We only use this to evaluate fit and reply — from a real person, not a sequence.

FAQ

What your operators — and your security team — will ask.

Is it autonomous? Does it act inside my systems?

No — by design. Outturn ingests the visible issue, assembles the context, prepares options and routes a human-owned decision. The approved action executes in your existing systems: the transfer runs in your allocation tool, the reorder goes to your buyer. We record it to completion; we do not improvise actions through your systems.

Do you forecast demand?

Never. The risk math is published arithmetic over your own sell-through, cover, and margin assumptions — not a black-box forecast. If your planning system forecasts, we happily read its output as one more signal. We compete with nobody's demand model.

How do I know it's not hallucinating my numbers?

Because no model computes them. Ingestion checks, leakage monitors and decision math run as deterministic code; every number carries its formula and opens to its source rows. Models may extract from messy documents or draft a proposal. Extracted, conflicting or unusual facts require review.

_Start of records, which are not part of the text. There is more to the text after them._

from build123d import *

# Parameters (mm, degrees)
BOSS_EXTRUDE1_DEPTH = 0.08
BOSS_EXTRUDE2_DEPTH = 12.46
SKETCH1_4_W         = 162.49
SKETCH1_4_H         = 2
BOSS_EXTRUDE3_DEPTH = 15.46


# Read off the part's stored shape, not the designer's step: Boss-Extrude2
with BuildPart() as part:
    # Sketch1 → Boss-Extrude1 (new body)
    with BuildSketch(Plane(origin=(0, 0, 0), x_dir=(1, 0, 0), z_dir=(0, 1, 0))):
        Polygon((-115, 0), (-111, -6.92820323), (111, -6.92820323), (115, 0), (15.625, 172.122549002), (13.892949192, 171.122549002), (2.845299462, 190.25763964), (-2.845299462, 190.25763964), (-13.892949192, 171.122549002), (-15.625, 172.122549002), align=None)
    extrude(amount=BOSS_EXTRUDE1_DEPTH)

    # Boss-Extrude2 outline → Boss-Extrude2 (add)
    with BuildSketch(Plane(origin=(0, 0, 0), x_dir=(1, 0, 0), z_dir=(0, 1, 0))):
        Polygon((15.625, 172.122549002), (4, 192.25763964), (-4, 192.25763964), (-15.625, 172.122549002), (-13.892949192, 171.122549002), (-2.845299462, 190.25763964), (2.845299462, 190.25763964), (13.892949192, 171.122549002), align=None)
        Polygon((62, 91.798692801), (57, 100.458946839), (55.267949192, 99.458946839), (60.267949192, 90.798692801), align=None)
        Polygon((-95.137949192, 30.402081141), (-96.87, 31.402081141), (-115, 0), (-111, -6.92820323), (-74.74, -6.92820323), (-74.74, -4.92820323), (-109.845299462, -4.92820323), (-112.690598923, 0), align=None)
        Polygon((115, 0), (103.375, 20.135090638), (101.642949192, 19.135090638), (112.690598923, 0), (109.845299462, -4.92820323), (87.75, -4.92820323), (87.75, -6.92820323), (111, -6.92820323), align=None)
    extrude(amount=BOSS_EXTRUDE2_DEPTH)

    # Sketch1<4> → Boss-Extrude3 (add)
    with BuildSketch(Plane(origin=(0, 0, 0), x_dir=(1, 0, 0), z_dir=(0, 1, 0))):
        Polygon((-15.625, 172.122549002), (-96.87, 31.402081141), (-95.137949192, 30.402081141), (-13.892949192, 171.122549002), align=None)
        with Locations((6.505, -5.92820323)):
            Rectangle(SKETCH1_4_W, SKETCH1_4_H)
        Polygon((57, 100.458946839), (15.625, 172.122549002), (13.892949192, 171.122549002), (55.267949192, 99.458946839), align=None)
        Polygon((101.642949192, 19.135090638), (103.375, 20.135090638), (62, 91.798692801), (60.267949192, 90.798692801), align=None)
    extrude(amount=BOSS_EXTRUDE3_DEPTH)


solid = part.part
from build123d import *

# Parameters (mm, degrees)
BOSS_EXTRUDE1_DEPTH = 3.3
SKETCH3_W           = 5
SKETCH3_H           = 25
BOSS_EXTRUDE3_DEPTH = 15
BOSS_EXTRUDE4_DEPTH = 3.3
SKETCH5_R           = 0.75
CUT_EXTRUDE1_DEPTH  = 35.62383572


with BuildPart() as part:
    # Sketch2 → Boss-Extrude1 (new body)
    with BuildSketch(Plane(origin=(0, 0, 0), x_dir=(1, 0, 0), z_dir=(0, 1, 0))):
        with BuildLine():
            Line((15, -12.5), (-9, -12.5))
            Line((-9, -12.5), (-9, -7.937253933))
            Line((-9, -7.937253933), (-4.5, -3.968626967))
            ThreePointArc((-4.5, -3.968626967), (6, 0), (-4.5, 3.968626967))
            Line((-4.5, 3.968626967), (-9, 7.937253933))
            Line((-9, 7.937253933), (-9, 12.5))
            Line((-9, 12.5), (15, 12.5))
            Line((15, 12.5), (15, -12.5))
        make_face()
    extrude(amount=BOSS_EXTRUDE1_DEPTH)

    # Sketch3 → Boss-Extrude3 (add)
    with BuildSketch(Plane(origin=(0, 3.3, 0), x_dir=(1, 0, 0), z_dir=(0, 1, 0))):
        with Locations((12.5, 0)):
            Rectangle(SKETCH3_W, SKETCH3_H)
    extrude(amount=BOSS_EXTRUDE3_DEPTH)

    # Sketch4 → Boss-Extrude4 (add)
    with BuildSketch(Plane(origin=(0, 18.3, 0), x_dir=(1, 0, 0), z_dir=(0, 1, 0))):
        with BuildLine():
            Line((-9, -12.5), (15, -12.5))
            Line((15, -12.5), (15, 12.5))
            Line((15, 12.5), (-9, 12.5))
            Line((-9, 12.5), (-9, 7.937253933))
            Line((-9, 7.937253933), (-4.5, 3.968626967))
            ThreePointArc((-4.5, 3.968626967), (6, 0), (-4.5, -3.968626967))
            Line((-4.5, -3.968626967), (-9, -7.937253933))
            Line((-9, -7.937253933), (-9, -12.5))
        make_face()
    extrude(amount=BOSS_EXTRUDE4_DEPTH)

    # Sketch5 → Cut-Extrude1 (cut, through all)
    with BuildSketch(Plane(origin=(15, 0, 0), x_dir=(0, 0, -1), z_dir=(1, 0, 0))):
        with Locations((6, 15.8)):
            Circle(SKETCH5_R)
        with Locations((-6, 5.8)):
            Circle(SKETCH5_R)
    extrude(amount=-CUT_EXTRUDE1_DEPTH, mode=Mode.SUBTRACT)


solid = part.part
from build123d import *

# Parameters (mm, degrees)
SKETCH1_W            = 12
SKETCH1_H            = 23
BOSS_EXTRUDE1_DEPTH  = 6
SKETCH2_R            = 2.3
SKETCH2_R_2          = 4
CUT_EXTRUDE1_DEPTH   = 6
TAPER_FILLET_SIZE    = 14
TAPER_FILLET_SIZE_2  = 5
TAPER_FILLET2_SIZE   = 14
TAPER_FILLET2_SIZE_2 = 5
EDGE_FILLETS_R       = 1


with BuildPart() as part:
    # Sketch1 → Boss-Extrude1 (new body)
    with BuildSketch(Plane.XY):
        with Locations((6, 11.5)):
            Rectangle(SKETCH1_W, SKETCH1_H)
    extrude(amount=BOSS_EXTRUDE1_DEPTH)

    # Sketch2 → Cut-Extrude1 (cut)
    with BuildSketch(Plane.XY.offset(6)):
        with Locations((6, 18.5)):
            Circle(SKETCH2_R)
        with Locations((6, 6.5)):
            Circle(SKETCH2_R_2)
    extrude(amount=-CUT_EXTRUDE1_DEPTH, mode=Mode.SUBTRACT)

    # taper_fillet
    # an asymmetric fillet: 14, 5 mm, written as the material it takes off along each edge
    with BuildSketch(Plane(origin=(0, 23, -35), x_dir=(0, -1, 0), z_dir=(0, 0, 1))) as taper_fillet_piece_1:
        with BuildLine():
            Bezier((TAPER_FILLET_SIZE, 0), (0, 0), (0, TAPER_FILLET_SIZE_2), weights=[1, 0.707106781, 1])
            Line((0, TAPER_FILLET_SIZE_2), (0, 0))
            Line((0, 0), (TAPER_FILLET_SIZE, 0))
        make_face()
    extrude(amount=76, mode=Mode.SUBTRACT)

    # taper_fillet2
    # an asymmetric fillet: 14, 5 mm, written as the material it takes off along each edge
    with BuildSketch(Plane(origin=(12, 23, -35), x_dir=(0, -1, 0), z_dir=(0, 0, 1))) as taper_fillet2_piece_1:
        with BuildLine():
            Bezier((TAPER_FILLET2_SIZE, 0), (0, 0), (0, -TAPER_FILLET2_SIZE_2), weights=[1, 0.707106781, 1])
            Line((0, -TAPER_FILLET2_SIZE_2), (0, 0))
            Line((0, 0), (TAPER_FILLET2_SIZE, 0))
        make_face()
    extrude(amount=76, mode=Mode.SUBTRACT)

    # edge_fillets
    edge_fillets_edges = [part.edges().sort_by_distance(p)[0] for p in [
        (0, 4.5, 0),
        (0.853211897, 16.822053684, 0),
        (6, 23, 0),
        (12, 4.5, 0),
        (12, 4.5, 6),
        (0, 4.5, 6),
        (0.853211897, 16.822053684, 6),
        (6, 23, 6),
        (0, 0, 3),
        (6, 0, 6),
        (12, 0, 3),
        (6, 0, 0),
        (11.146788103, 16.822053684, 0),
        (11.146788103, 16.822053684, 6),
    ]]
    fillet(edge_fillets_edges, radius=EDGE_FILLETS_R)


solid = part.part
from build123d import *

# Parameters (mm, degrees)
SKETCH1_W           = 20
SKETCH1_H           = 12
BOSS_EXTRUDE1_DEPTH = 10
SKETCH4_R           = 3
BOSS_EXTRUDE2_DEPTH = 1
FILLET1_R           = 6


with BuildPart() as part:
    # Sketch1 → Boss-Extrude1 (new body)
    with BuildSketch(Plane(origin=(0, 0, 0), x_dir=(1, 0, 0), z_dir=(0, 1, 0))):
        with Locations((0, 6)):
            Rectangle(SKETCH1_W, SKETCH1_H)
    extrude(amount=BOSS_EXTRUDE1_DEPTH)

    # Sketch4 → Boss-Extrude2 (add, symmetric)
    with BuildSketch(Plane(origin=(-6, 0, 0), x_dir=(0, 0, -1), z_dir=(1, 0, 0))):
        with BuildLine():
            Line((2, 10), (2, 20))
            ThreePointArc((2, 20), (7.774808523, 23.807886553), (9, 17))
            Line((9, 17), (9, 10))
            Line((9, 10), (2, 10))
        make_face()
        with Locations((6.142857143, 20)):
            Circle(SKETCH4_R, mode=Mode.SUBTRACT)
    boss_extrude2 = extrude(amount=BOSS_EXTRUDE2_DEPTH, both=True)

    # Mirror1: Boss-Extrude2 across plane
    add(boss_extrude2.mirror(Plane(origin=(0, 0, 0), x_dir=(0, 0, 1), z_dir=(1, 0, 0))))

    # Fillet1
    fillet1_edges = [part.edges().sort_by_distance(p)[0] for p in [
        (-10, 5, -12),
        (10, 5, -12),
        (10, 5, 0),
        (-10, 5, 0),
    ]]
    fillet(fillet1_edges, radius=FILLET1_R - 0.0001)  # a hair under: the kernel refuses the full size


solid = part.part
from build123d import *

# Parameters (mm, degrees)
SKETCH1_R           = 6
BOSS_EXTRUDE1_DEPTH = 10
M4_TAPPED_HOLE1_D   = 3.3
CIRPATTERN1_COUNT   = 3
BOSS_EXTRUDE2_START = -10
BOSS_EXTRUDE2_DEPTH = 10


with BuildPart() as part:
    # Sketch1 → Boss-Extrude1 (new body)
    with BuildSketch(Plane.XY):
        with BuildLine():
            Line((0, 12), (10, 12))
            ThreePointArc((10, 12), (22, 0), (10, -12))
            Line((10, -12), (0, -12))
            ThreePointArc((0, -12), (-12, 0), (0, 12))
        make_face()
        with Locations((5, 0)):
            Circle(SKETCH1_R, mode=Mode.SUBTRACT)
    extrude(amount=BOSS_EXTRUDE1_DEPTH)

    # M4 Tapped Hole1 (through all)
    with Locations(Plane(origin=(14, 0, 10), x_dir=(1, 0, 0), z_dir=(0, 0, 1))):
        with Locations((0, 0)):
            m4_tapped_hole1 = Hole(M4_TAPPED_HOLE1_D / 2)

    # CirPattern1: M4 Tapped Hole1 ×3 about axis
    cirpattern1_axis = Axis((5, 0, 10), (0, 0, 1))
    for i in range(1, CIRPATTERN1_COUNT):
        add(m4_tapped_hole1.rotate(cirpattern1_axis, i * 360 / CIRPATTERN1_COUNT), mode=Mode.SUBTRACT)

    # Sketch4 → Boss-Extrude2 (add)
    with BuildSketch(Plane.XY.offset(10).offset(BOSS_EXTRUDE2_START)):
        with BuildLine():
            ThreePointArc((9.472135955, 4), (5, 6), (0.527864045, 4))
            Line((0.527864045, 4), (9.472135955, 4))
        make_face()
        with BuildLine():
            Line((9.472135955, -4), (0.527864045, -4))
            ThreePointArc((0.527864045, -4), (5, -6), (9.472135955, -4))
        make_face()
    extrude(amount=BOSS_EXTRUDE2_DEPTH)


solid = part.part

Is this another dashboard?

No. Dashboards show what happened; the leak starts after visibility. Outturn turns each issue into a decision record with an owner, options, a deadline, and — the part nothing else does — a measured outcome. It's an operating layer: things move through it, they aren't just displayed on it.

Does it replace our planning or allocation systems?

No — it sits above them and makes them worth more. Their recommendations become signals on the record; their screens are where approved actions execute. We also catch the seams between them: the allocation built on a delivery that slipped, the plan that disagrees with the warehouse.

Do we have to teach it everything first?

No. It arrives with a Retail Workflow Pack: cited metric definitions, required signals, deterministic checks, common response options, ownership patterns and outcome measures. Your team confirms only company-specific differences. Approved corrections become versioned policy; they are not prompt memory.

What data does it need to start?

What you already have: the stockout or availability report plus sales, stock, inbound and transfer exports at the relevant product-location grain. Authoritative structured fields flow through governed contracts; forwarded emails and notices are cited but reviewed when they introduce a new or conflicting fact. No heavy integration for the pilot.

Where does our data go?

Per-tenant isolation, your choice of EU/US residency, a zero-retention option, and no shared models trained on your data. Read-only by default; writes leave as drafts with a named approval. Full audit trail, kill switch. We'll run a security review with your team before any data is connected.

What does it cost?

The four-week pilot is $6–8K for one stockout/action-leakage workflow, normally creditable against the first annual subscription. After that: a predictable, capacity-based subscription, not token pass-through.